Hepatic steatosis is the earliest stage of NAFLD, and it affects about 25% of people in Western countries. Some researchers refer to it as the first hit of the “multiple-hit” progression of fatty liver disease, although at this stage it can be reversed by lifestyle measures (2). Its hallmarks are high triglycerides and elevations of the liver enzymes ALT, AST, and GGT.
NAFLD can be diagnosed by a combination of ultrasound, CT scan, biopsy, and blood work.
Fatty Liver Disease Progression
Sometimes NAFLD remains stable and doesn’t progress. On the other hand, fatty liver disease often isn’t diagnosed until it has become the more serious condition non-alcoholic steatohepatitis (NASH), which is characterized by inflammation and liver cell damage. These changes occur as a result of increased oxidative stress, which is an imbalance between free radicals (unstable molecules that damage cells) and the body’s ability to defend against them.
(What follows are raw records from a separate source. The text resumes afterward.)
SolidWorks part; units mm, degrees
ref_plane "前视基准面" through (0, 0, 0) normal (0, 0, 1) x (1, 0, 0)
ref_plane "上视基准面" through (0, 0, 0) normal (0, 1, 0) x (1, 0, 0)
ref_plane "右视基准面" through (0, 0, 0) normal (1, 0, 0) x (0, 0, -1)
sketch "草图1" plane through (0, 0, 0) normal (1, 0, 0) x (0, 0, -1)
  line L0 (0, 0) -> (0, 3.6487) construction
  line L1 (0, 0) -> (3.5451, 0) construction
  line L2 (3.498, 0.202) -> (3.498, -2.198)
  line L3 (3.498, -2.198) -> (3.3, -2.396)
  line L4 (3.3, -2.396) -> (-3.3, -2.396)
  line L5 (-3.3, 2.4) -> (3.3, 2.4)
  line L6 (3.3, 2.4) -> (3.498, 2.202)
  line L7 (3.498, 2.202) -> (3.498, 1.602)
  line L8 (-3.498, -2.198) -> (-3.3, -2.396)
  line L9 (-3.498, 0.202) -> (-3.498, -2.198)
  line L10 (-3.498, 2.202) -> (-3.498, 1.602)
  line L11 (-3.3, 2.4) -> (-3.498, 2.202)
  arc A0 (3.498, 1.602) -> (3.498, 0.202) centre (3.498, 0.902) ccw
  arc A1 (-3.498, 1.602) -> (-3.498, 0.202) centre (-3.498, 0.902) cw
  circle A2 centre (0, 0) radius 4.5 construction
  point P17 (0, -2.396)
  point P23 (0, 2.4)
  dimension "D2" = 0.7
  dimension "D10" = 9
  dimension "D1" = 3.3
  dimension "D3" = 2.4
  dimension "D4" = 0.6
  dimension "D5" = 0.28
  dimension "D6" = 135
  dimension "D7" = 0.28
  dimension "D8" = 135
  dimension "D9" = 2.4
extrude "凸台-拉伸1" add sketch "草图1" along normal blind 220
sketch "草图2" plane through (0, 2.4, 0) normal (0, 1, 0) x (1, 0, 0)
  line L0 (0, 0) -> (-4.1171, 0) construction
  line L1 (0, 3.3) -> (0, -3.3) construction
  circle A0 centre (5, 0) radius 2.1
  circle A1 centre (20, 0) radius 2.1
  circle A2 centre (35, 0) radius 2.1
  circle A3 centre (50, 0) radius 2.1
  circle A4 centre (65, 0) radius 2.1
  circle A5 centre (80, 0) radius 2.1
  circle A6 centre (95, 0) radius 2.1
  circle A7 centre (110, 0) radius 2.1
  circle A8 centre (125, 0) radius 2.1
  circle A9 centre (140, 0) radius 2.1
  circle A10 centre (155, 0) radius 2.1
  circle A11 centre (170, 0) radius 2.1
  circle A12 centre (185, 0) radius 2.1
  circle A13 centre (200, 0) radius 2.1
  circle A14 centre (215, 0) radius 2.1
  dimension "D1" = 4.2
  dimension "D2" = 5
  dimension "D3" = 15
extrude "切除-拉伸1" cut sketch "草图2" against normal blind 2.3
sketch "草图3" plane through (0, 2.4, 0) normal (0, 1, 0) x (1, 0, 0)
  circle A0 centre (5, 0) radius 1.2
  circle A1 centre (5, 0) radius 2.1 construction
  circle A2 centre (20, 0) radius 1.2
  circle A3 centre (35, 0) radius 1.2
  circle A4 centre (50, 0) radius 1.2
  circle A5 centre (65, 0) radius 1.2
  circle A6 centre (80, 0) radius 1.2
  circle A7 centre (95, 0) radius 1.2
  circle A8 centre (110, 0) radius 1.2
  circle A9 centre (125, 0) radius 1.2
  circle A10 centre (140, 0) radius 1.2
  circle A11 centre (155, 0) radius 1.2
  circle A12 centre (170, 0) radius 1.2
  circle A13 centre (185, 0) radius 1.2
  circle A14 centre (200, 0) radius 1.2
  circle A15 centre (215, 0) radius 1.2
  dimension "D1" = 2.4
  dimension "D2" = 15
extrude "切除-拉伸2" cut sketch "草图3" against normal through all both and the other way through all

NASH can eventually progress to end-stage liver disease known as cirrhosis, wherein damaged liver cells die off and are replaced by scar tissue that impairs function that can lead to liver failure or liver cancer.
It’s estimated that 30% of NAFLD progresses to NASH, and 20% of those with NASH go on to develop cirrhosis (3).
Even though most people with NAFLD don’t end up with severe liver disease, excess fat in the liver is metabolically unhealthy. Indeed having NAFLD increases the risk of other disorders, including heart disease, kidney disease, and type 2 diabetes (4).
In addition, while most people who develop liver cancer have end-stage liver disease, recent research has shown a concerning association between the earliest stage NAFLD and liver cancer (5).
What Are the Risk Factors for Fatty Liver Disease?
NAFLD occurs in people who have one or more of the following risk factors:
Also known as abdominal obesity or central obesity, visceral obesity refers to excess fat in the abdominal cavity that causes low-grade inflammation. It’s estimated that 90% of obese adults have NAFLD (1). Additionally, the childhood obesity epidemic has led to a dramatic increase in kids being diagnosed with NAFLD (6).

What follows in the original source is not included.